The third group doesn’t care that much.

And the fourth group is harmed by the policy, either directly or indirectly.

Change happens slowly because the first three groups have power, inertia and communications on their side.

Change happens when the fourth group can create the conditions for the third group to care, and then these two groups move the urgency up the agenda.

It makes no sense to argue with the first group.

To be well published

Sooner or later, we benefit from being well-published.

Publishing has nothing to do with printing. It’s the act of taking risks to bring a new idea to people who want to embrace it.

It’s the head of the lab who works behind the scenes to be sure the talented scientist gets a gig at the right conference. Her talk propels the work forward.

It’s Bill Graham ‘publishing’ the Grateful Dead on stage at the Fillmore.

It’s Jean Feiwel orchestrating the bookstore success of Harry Potter…

Being well-published doesn’t guarantee that an idea or an individual will succeed. Instead, it creates the conditions to maximize the chances that the work will spread. It often involves:

Generous enthusiasm: In the moments when the marketplace hasn’t yet embraced the work, the publisher is a vital bridge between now and later.

Extraordinary logistics: It’s the tech crew that has read the rider, the operations team that makes sure the printing is done right and the strategic insight to prioritize the parts that matter.

Insightful provocation: The publisher knows the territory, and can encourage and amplify work that’s in sync with what the market will respond to.

A focus on distribution: If the work isn’t in the right place at the right time, it has no chance to thrive.
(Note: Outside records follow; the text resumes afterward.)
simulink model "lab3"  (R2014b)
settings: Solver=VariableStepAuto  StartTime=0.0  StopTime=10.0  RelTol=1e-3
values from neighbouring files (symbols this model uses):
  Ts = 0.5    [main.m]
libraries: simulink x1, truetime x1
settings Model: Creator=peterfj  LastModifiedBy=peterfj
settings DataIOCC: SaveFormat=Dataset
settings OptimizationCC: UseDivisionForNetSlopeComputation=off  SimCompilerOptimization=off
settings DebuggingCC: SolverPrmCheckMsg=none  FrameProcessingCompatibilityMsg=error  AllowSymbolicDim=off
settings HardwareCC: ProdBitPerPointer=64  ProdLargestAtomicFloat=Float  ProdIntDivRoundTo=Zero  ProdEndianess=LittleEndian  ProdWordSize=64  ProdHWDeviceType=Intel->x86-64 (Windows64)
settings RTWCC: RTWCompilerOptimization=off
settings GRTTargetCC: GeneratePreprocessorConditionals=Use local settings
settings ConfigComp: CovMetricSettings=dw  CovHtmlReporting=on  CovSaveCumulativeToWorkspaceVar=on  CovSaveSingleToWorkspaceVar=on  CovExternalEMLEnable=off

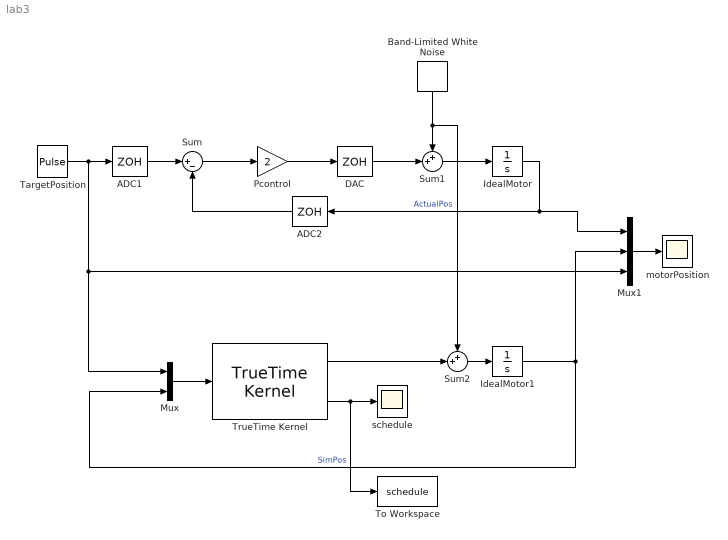
== system lab3 ==
  ADC1 : ZeroOrderHold  SampleTime=Ts
  ADC2 : ZeroOrderHold  SampleTime=Ts
  Band-Limited White Noise : simulink/Sources/Band-Limited White Noise  Cov=[0.1]  Ts=Ts  seed=[23341]
  DAC : ZeroOrderHold  SampleTime=Ts
  IdealMotor : Integrator
  IdealMotor1 : Integrator
  Mux : Mux  Inputs=2
  Mux1 : Mux  Inputs=3
  Pcontrol : Gain  Gain=2
  Sum : Sum  Inputs=|+-
  Sum1 : Sum  Inputs=++|
  Sum2 : Sum  Inputs=++|
  TargetPosition : DiscretePulseGenerator  PulseType=Time based  Period=5  PulseWidth=50
  To Workspace : ToWorkspace  VariableName=schedule  SaveFormat=Timeseries  SampleTime=-1
  TrueTime Kernel : truetime/TrueTime Kernel  sfun=simple_init  args=Ts  ninputsoutputs=[2 1]  ntriggers=0  trigtype=falling  nwnodenbr=[]  clockoffsetdrift=[0 0]  schedoutput=on  battery=off  poweroutput=off
  motorPosition : Scope
      settings: ShowLegends=on  YMin=-0.71542  YMax=1.10202
  schedule : Scope
      settings: YMin=-0.71542  YMax=1.10202
  wires:
  TargetPosition/1 -> Mux/1, Mux1/3, ADC1/1
  ADC1/1 -> Sum/1
  Sum/1 -> Pcontrol/1
  Pcontrol/1 -> DAC/1
  DAC/1 -> Sum1/2
  Band-Limited White Noise/1 -> Sum2/1, Sum1/1
  Sum1/1 -> IdealMotor/1
  IdealMotor/1 -> ADC2/1, Mux1/1  "ActualPos"
  ADC2/1 -> Sum/2
  Mux/1 -> TrueTime Kernel/1
  Mux1/1 -> motorPosition/1
  Sum2/1 -> IdealMotor1/1
  TrueTime Kernel/1 -> Sum2/2
  IdealMotor1/1 -> Mux1/2, Mux/2  "SimPos"
  TrueTime Kernel/2 -> To Workspace/1, schedule/1
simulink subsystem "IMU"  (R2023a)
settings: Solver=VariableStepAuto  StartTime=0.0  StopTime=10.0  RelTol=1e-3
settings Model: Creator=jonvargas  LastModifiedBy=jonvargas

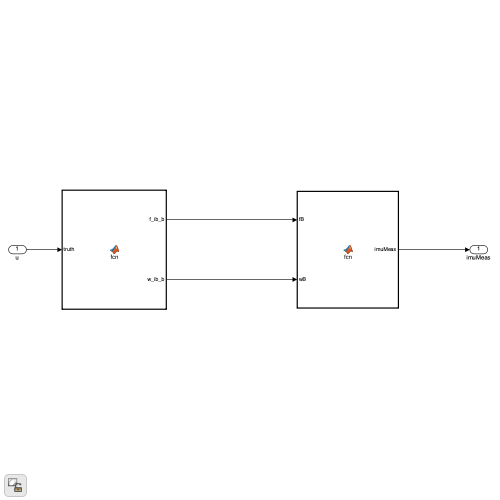
[thumbnail: Simulink's stored preview of the top-level diagram]
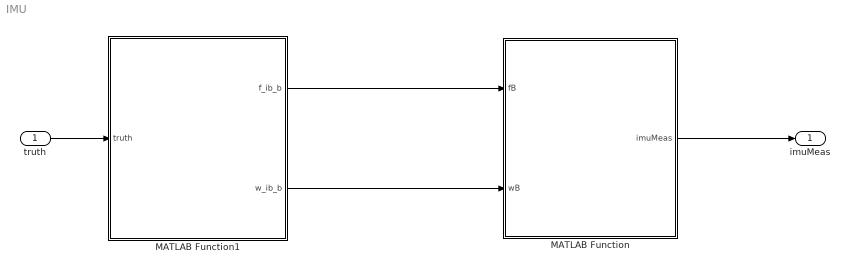
== system IMU ==
  truth : Inport
  MATLAB Function : MATLAB Function  TreatAsAtomicUnit=on
  MATLAB Function1 : MATLAB Function  TreatAsAtomicUnit=on
  imuMeas : Outport
  wires:
  MATLAB Function/1(imuMeas) -> imuMeas/1
  truth/1 -> MATLAB Function1/1(truth)
  MATLAB Function1/1(f_ib_b) -> MATLAB Function/1(fB)
  MATLAB Function1/2(w_ib_b) -> MATLAB Function/2(wB)

== matlab function IMU/MATLAB Function ==
  data: fB input; imuMeas output; wB input; params parameter
function imuMeas =  fcn(fB,wB,params)


imuMeas = imu_sensor(fB,wB,params)

== matlab function IMU/MATLAB Function1 ==
  data: truth input; f_ib_b output; w_ib_b output; params parameter
function [f_ib_b, w_ib_b]= fcn(truth,params)

[f_ib_b, w_ib_b] = imuData(truth,params);
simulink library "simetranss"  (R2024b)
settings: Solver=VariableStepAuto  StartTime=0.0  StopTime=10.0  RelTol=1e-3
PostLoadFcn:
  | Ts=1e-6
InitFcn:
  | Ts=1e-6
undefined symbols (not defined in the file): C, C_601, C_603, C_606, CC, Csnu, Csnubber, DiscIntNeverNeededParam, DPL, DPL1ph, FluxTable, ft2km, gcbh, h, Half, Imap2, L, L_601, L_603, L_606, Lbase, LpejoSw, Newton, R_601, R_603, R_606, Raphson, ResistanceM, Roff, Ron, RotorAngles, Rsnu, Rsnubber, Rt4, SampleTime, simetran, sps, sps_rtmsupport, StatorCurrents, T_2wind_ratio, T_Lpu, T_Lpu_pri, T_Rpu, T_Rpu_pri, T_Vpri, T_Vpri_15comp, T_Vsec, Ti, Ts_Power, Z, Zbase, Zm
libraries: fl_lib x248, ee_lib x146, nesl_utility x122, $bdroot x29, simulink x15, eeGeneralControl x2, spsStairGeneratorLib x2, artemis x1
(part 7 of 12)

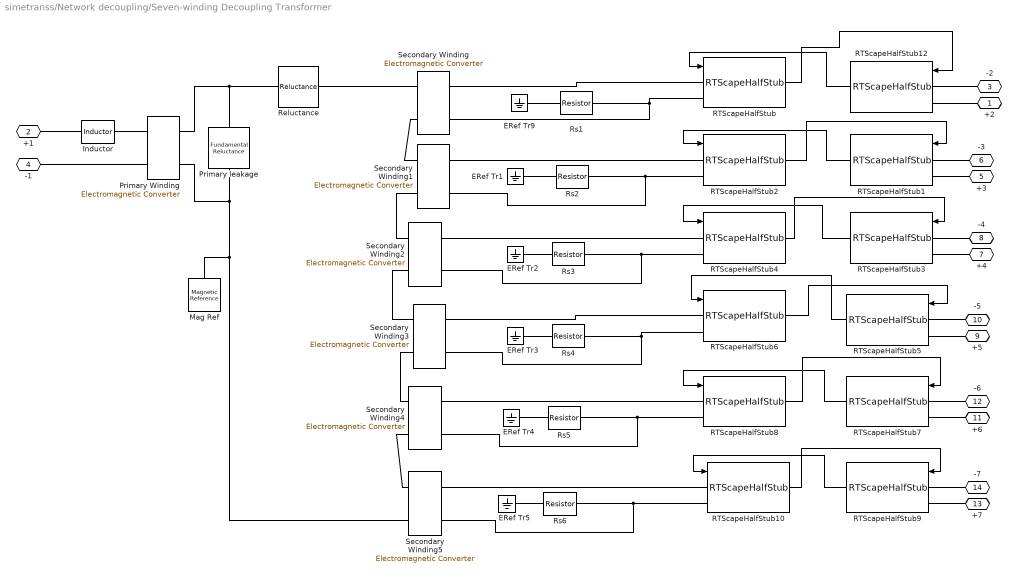
== system simetranss/Network decoupling/Seven-winding Decoupling Transformer ==
  ERef Tr{1..5,9} (6 alike) : fl_lib/Electrical/Electrical Elements/Electrical Reference
  Inductor : fl_lib/Electrical/Electrical Elements/Inductor  l=RLpri(2) H  r=RLpri(1) Ohm  g=1e-9 1/Ohm  i_specify=off  i_priority=None  i=0 A  i_nominal_specify=off  i_nominal_value=1  i_nominal_unit=A  v_specify=off  v_priority=None  v=0 V  v_nominal_specify=off  v_nominal_value=1  v_nominal_unit=V  i_L_specify=off  i_L_priority=High  i_L=0 A  i_L_nominal_specify=off  i_L_nominal_value=1  i_L_nominal_unit=A
  Mag Ref : fl_lib/Magnetic/Magnetic Elements/Magnetic Reference
      settings: InternalSimscapePortConfiguration="{\"Bottom\":[],\"Left\":[{\"id\":\"M\",\"label\":\"\",\"type\":\"foundation.magnetic.magnetic\"}],\"Right\":[],\"Top\":[]}"
  Primary Winding : fl_lib/Magnetic/Magnetic Elements/Electromagnetic Converter  Nw=Vwdn(1)  i_specify=off  i_priority=High  i=0 A  i_nominal_specify=off  i_nominal_value=1  i_nominal_unit=A  v_specify=off  v_priority=High  v=0 V  v_nominal_specify=off  v_nominal_value=1  v_nominal_unit=V  mmf_specify=off  mmf_priority=High  mmf=0 A  mmf_nominal_specify=off  mmf_nominal_value=1  mmf_nominal_unit=A  phi_specify=off  phi_priority=High  phi=0 Wb  phi_nominal_specify=off  phi_nominal_value=1  phi_nominal_unit=Wb
      settings: InternalSimscapePortConfiguration="{\"Bottom\":[],\"Left\":[{\"id\":\"p\",\"label\":\"+\",\"type\":\"foundation.electrical.electrical\"},{\"id\":\"n\",\"label\":\"-\",\"type\":\"foundation.electrical.electrical\"}],\"Right\":[{\"id\":\"N\",\"label\":\"N\",\"type\":\"foundation.magnetic.magnetic\"},{\"id\":\"S\",\"label\":\"S\",\"type\":\"foundation.magnetic.magnetic\"}],\"Top\":[]}"
  Primary leakage : fl_lib/Magnetic/Magnetic Elements/Fundamental Reluctance  R=1e8 1/H  phi_specify=off  phi_priority=None  phi=0 Wb  phi_nominal_specify=off  phi_nominal_value=1  phi_nominal_unit=Wb  mmf_specify=off  mmf_priority=None  mmf=0 A  mmf_nominal_specify=off  mmf_nominal_value=1  mmf_nominal_unit=A
      settings: InternalSimscapePortConfiguration="{\"Bottom\":[],\"Left\":[{\"id\":\"N\",\"label\":\"N\",\"type\":\"foundation.magnetic.magnetic\"}],\"Right\":[{\"id\":\"S\",\"label\":\"S\",\"type\":\"foundation.magnetic.magnetic\"}],\"Top\":[]}"
  RTScapeHalfStub : $bdroot/Network decoupling/RTScapeHalfStub  Phases=2 with differential inputs  pu=off  L=Lwdn(1)  Lpu=0.03  R=Rwdn(1)  Rpu=0.02  S_base=1e5  V_base=1000  F_base=60  Ts=Ts
  RTScapeHalfStub1 : $bdroot/Network decoupling/RTScapeHalfStub  Phases=2 with differential inputs  pu=off  L=Lwdn(2)  Lpu=0.03  R=Rwdn(2)  Rpu=0.02  S_base=1e5  V_base=1000  F_base=60  Ts=Ts
  RTScapeHalfStub10 : $bdroot/Network decoupling/RTScapeHalfStub  Phases=2 with differential inputs  pu=off  L=Lwdn(6)  Lpu=0.03  R=Rwdn(6)  Rpu=0.02  S_base=1e5  V_base=1000  F_base=60  Ts=Ts
  RTScapeHalfStub12 : $bdroot/Network decoupling/RTScapeHalfStub  Phases=2 with differential inputs  pu=off  L=Lwdn(1)  Lpu=0.03  R=Rwdn(1)  Rpu=0.02  S_base=1e5  V_base=1000  F_base=60  Ts=Ts
  RTScapeHalfStub2 : $bdroot/Network decoupling/RTScapeHalfStub  Phases=2 with differential inputs  pu=off  L=Lwdn(2)  Lpu=0.03  R=Rwdn(2)  Rpu=0.02  S_base=1e5  V_base=1000  F_base=60  Ts=Ts
  RTScapeHalfStub3 : $bdroot/Network decoupling/RTScapeHalfStub  Phases=2 with differential inputs  pu=off  L=Lwdn(3)  Lpu=0.03  R=Rwdn(3)  Rpu=0.02  S_base=1e5  V_base=1000  F_base=60  Ts=Ts
  RTScapeHalfStub4 : $bdroot/Network decoupling/RTScapeHalfStub  Phases=2 with differential inputs  pu=off  L=Lwdn(3)  Lpu=0.03  R=Rwdn(3)  Rpu=0.02  S_base=1e5  V_base=1000  F_base=60  Ts=Ts
  RTScapeHalfStub5 : $bdroot/Network decoupling/RTScapeHalfStub  Phases=2 with differential inputs  pu=off  L=Lwdn(4)  Lpu=0.03  R=Rwdn(4)  Rpu=0.02  S_base=1e5  V_base=1000  F_base=60  Ts=Ts
  RTScapeHalfStub6 : $bdroot/Network decoupling/RTScapeHalfStub  Phases=2 with differential inputs  pu=off  L=Lwdn(4)  Lpu=0.03  R=Rwdn(4)  Rpu=0.02  S_base=1e5  V_base=1000  F_base=60  Ts=Ts
  RTScapeHalfStub7 : $bdroot/Network decoupling/RTScapeHalfStub  Phases=2 with differential inputs  pu=off  L=Lwdn(5)  Lpu=0.03  R=Rwdn(5)  Rpu=0.02  S_base=1e5  V_base=1000  F_base=60  Ts=Ts
  RTScapeHalfStub8 : $bdroot/Network decoupling/RTScapeHalfStub  Phases=2 with differential inputs  pu=off  L=Lwdn(5)  Lpu=0.03  R=Rwdn(5)  Rpu=0.02  S_base=1e5  V_base=1000  F_base=60  Ts=Ts
  RTScapeHalfStub9 : $bdroot/Network decoupling/RTScapeHalfStub  Phases=2 with differential inputs  pu=off  L=Lwdn(6)  Lpu=0.03  R=Rwdn(6)  Rpu=0.02  S_base=1e5  V_base=1000  F_base=60  Ts=Ts
  Reluctance : fl_lib/Magnetic/Magnetic Elements/Reluctance  g=0.2 m  CSA=0.035*0.035 m^2  mur=8000  phi_specify=off  phi_priority=High  phi=0 Wb  phi_nominal_specify=off  phi_nominal_value=1  phi_nominal_unit=Wb  mmf_specify=off  mmf_priority=High  mmf=0 A  mmf_nominal_specify=off  mmf_nominal_value=1  mmf_nominal_unit=A
      settings: InternalSimscapePortConfiguration="{\"Bottom\":[],\"Left\":[{\"id\":\"N\",\"label\":\"N\",\"type\":\"foundation.magnetic.magnetic\"}],\"Right\":[{\"id\":\"S\",\"label\":\"S\",\"type\":\"foundation.magnetic.magnetic\"}],\"Top\":[]}"
  Rs{1..6} (6 alike) : fl_lib/Electrical/Electrical Elements/Resistor  R=Rearth Ohm  i_specify=off  i_priority=High  i=0 A  i_nominal_specify=off  i_nominal_value=1  i_nominal_unit=A  v_specify=off  v_priority=High  v=0 V  v_nominal_specify=off  v_nominal_value=1  v_nominal_unit=V
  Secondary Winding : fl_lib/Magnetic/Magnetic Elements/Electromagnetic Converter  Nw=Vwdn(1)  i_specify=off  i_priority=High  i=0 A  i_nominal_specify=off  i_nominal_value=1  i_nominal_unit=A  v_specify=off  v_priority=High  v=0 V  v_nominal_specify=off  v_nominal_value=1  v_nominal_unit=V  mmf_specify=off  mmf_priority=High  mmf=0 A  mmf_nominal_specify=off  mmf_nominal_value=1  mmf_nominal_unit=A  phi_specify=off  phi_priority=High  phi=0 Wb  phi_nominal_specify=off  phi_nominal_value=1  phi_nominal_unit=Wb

Resilience and investment: Few ideas work the first time they’re exposed to the audience. Resilience is the willingness and ability to try again, and investment represents the resources to do it well.

Just because something succeeds doesn’t mean it’s well-published, but well-published work has a better chance to succeed.

The people behind a well-published work rarely get the credit they deserve. It’s difficult and requires persistence and care.

“I’ve never seen you paint”

… said the collector to the painter Jasper Johns.

“Neither have I.”

Watching is different than doing. Trying to do both at the same time is a challenge.